Congenital homozygous protein C deficiency results in a severe thrombotic diathesis, evident in the neonatal period and resembling purpura fulminans.

 

Congenital heterozygous protein C deficiency may predispose to thrombotic events, primarily venous thromboembolism; arterial thrombosis (stroke, myocardial infarction, etc.) may occur. Some individuals with hereditary heterozygous protein C deficiency may have no personal or family history of thrombosis and may or may not be at increased risk. Congenital heterozygous protein C may predispose to development of coumarin-associated skin necrosis. Skin necrosis has occurred during the initiation of oral anticoagulant therapy.

 

Two types of hereditary heterozygous protein C deficiency are recognized:

-Type I (concordantly decreased protein C function and antigen)

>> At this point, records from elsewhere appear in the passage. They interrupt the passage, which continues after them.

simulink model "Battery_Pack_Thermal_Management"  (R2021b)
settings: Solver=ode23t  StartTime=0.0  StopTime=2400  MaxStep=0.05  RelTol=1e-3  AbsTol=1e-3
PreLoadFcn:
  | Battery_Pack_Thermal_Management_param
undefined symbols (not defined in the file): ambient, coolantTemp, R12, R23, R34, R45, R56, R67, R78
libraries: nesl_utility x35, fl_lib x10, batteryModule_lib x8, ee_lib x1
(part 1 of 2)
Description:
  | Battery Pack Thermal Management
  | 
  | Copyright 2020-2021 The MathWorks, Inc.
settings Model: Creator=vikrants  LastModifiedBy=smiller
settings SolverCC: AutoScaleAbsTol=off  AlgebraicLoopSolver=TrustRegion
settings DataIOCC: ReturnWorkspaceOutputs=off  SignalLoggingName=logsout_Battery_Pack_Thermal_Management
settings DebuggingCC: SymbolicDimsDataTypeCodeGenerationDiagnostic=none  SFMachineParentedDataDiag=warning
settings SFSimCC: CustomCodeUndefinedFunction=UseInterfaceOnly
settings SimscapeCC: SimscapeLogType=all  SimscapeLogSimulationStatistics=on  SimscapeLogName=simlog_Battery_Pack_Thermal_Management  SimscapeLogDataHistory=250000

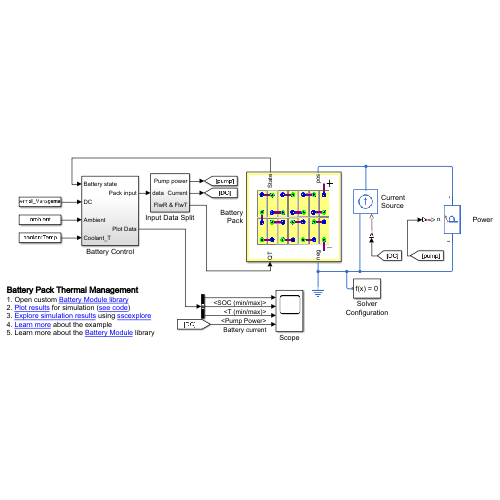
[thumbnail: Simulink's stored preview of the top-level diagram]
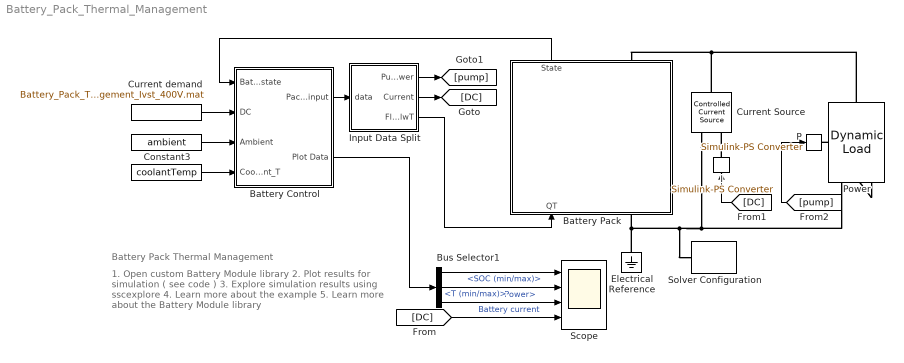
== system Battery_Pack_Thermal_Management ==
  note: 1. Open custom Battery Module library
      | 2. Plot results for simulation ( see code )
      | 3. Explore simulation results using sscexplore
      | 4. Learn more about the example
      | 5. Learn more about the Battery Module library
  note: Battery Pack Thermal Management
  " " : Constant  Value=coolantTemp
  Battery Pack : Subsystem
      mask Display: image('batteryPackIcon.png'); % Use "Edit Image" on toolstrip to change.
  Battery Control : Subsystem
  Bus Selector1 : BusSelector  OutputSignals=SOC (min/max),T (min/max),Pump Power
  Constant3 : Constant  Value=ambient
  Current Source : fl_lib/Electrical/Electrical Sources/Controlled Current Source
  Current demand : FromFile  FileName=Battery_Pack_Thermal_Management_Ivst_400V.mat  SampleTime=0
  Electrical Reference : fl_lib/Electrical/Electrical Elements/Electrical Reference
  I : nesl_utility/Simulink-PS Converter  PhysicalDomain=network_engine_domain  SubClassName=ps_input  LeftPortType=input  RightPortType=output  PseudoPeriodic=off  Frequencies=[]  NoiseDistribution=none  NoiseParameters=[]  Unit=A  AffineConversion=off  FilteringAndDerivatives=provide  SimscapeFilterOrder=1  InputFilterTimeConstant=0.001  UdotUserProvided=0
      settings: SourceProductName=Utilities
  Input Data Split : Subsystem
  P : nesl_utility/Simulink-PS Converter  PhysicalDomain=network_engine_domain  SubClassName=ps_input  LeftPortType=input  RightPortType=output  PseudoPeriodic=off  Frequencies=[]  NoiseDistribution=none  NoiseParameters=[]  Unit=J/s  AffineConversion=off  FilteringAndDerivatives=provide  SimscapeFilterOrder=1  InputFilterTimeConstant=0.001  UdotUserProvided=0
      settings: SourceProductName=Utilities
  Power : ee_lib/Passive/Dynamic Load  load_type=ee.enum.dc_ac.dc  min_supply_voltage=20 V  pow_min=1e-3 W  G_reverse=1e-6 S  deltaV=1e-3 V  f0=60 Hz  Vrms_min=200 V  Pmin=1e-3 W  enable_fault=simscape.enum.onoff.off  fault_action=simscape.enum.assert.action.none  t_fault=1 s  open_conductance=1e-4 S
      settings: SourceProductBaseCode=PS  InternalSimscapePortConfiguration="{\"Bottom\":[],\"Left\":[{\"id\":\"p\",\"label\":\"+\",\"type\":\"foundation.electrical.electrical\"}],\"Right\":[{\"id\":\"n\",\"label\":\"-\",\"type\":\"foundation.electrical.electrical\"}],\"Top\":[{\"id\":\"P\",\"label\":\"P\",\"type\":\"input\"}]}"
  Scope : Scope  NumInputPorts=4
  Solver Configuration : nesl_utility/Solver Configuration  PhysicalDomain=network_engine_domain  SubClassName=solver  LeftPortType=input  RightPortType=generic  Tones=[]  Harmonics=[]  SimulateNoise=off  Profile=off  UseLocalSampling=off  EnableSwitchedLinearOptims=on  FrequencyDomain=off  UseCCode=off  RelTol=0.001  AbsTol=1e-06  MinStep=1e-09  ToWorkspace=off  RevertToSquareIcSolve=off  NumHomotopyIterations=100  PhasorMode=off  PhasorModeNumHarmonics=1  DoDC=off  ResidualTolerance=1e-09  UseLocalSolver=off  LocalSolverChoice=NE_BACKWARD_EULER_ADVANCER  LocalSolverSampleTime=0.001  DoFixedCost=off  MaxNonlinIter=3  MaxModeIter=2  ComputeImpulses=off  ImpulseIterations=2  LinearAlgebra=auto  EquationFormulation=NE_TIME_EF  DelaysMemoryBudget=1024  AutomaticFiltering=on  FilteringTimeConstant=0.001  PartitionStorageMethod=AS_NEEDED  PartitionMemoryBudget=1024  PartitionMethod=ROBUST
      settings: SourceProductName=Utilities
  wires:
  Current demand/1 -> Battery Control/2(DC)
  Battery Pack/1(State) -> Battery Control/1(Battery state)
  Constant3/1 -> Battery Control/3(Ambient)
  Input Data Split/2(Current) -> [DC]
  Input Data Split/1(Pump power) -> [pump]
  [DC] -> Scope/4  "Battery current"
  Battery Control/1(Pack input) -> Input Data Split/1(data)
  Battery Control/2(Plot Data) -> Bus Selector1/1
  Bus Selector1/1 -> Scope/1  "<SOC (min/max)>"
  Bus Selector1/3 -> Scope/3  "<Pump Power>"
  Bus Selector1/2 -> Scope/2  "<T (min/max)>"
  Input Data Split/3(FlwR & FlwT) -> Battery Pack/1(QT)
  " "/1 -> Battery Control/4(Coolant_T)
  [DC] -> I/1
  [pump] -> P/1
  connections:
  Current Source/RConn2 -- Electrical Reference/LConn1 -- Battery Pack/LConn1 -- Solver Configuration/RConn1 -- Power/LConn1
  Current Source/LConn1 -- Power/RConn1 -- Battery Pack/RConn1
  Power/LConn2 -- P/RConn1
  I/RConn1 -- Current Source/RConn1

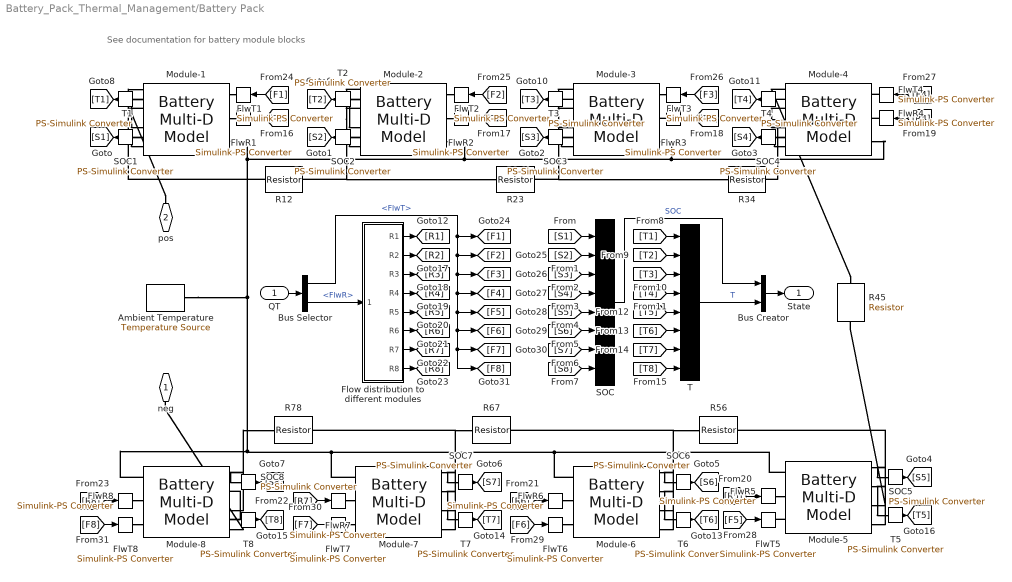
== system Battery_Pack_Thermal_Management/Battery Pack ==
  note: See documentation for battery module blocks
  QT : Inport
  Ambient Temperature : fl_lib/Thermal/Thermal Sources/Temperature Source  temperature=ambient K
  Bus Creator : BusCreator  Inputs=2
  Bus Selector : BusSelector  OutputSignals=FlwT,FlwR
  Flow distribution to different modules : Subsystem
  FlwR{1..8} (8 alike) : nesl_utility/Simulink-PS Converter  PhysicalDomain=network_engine_domain  SubClassName=ps_input  LeftPortType=input  RightPortType=output  PseudoPeriodic=off  Frequencies=[]  NoiseDistribution=none  NoiseParameters=[]  Unit=1  AffineConversion=off  FilteringAndDerivatives=provide  SimscapeFilterOrder=1  InputFilterTimeConstant=0.001  UdotUserProvided=0
      settings: SourceProductName=Utilities
  FlwT{1..8} (8 alike) : nesl_utility/Simulink-PS Converter  PhysicalDomain=network_engine_domain  SubClassName=ps_input  LeftPortType=input  RightPortType=output  PseudoPeriodic=off  Frequencies=[]  NoiseDistribution=none  NoiseParameters=[]  Unit=1  AffineConversion=off  FilteringAndDerivatives=provide  SimscapeFilterOrder=1  InputFilterTimeConstant=0.001  UdotUserProvided=0
      settings: SourceProductName=Utilities
  Module-1 : batteryModule_lib/Battery Multi-D Model  modelComplexity=batteryModule.batteryAbstractionLevel.grouped  LUTpointsTemp=T_vec K  cellAHvector=AH_vec hr*A  LUTpointsSOC=SOC_vec  V0_mat=V0_mat V  prm_dir=ee.enum.battery.prm_dir.noCurrentDirectionality  R0_mat=R0_mat Ohm  R0_dis_mat=[.03, .015, .002; .04, .017, .008; .039, .012, .006; .027, .013, .021] Ohm  R0_ch_mat=[.03, .015, .002; .04, .017, .008; .039, .012, .006; .027, .013, .021] Ohm  prm_leak=ee.enum.battery.prm_leak.disabled  Rleak_vec=[8000, 7000, 6000] Ohm  extrapolation_option=ee.enum.extrapolation.nearest  prm_dyn=ee.enum.battery.prm_dyn.rc2  R1_mat=R1_mat Ohm  tau1_mat=Tau1_mat s  R2_mat=R2_mat Ohm  tau2_mat=Tau2_mat s  R3_mat=[.014, .382, .407; .028, .006, .007; .014, .007, .006; .333, .956, .912] Ohm  tau3_mat=[1, 44, 5644; 11, 24, 506; 2, 14, 330; 3310, 13419, 30216] s  R4_mat=[.014, .382, .407; .028, .006, .007; .014, .007, .006; .333, .956, .912] Ohm  tau4_mat=[1, 44, 5644; 11, 24, 506; 2, 14, 330; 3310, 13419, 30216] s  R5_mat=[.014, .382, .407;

-Type II (decreased protein C function with normal antigen level)

 

Acquired deficiencies of protein C may occur in association with:

-Vitamin K deficiency

-Oral anticoagulation with coumarin compounds

-Liver disease

-Intravascular coagulation and fibrinolysis/disseminated intravascular coagulation (ICF/DIC)

 

The clinical hemostatic significance of acquired protein C deficiency is uncertain.

 

Assay of protein C functional activity is recommended for the initial laboratory evaluation of patients suspected of having congenital protein C deficiency (personal or family history of thrombotic diathesis), rather than assay of protein C antigen (PCAG / Protein C Antigen, Plasma).

Reference Values Describes reference intervals and additional information for interpretation of test results. May include intervals based on age and sex when appropriate. Intervals are Mayo-derived, unless otherwise designated. If an interpretive report is provided, the reference value field will state this.

Adults: 70%-150%

Normal, full-term newborn infants or healthy premature infants may have decreased levels of protein C activity (15%-50%), which may not reach adult levels until later in childhood or early adolescence.*

*See Pediatric Hemostasis References in Coagulation Studies in Special Instructions.

Interpretation Provides information to assist in interpretation of the test results

Values <60% to 70% may represent a congenital deficiency state, if acquired deficiencies can be excluded.

 

Protein C activity (and antigen) is generally undetectable in individuals with severe, homozygous protein C deficiency.

 

Oral anticoagulant therapy (warfarin, Coumadin) decreases protein C activity, compromising the ability to distinguish between congenital and acquired protein C deficiency. Concomitant measurement of the activity of coagulation factor VII (or factor X) may aid in differentiating congenital deficiency state from acquired protein C deficiency due to oral anticoagulant effect, but the ratio of the activities of protein C:factor VII (or factor X) has not been demonstrated to provide certainty about  this distinction.

 

The clinical significance of acquired protein C deficiency and of increased protein C is unknown.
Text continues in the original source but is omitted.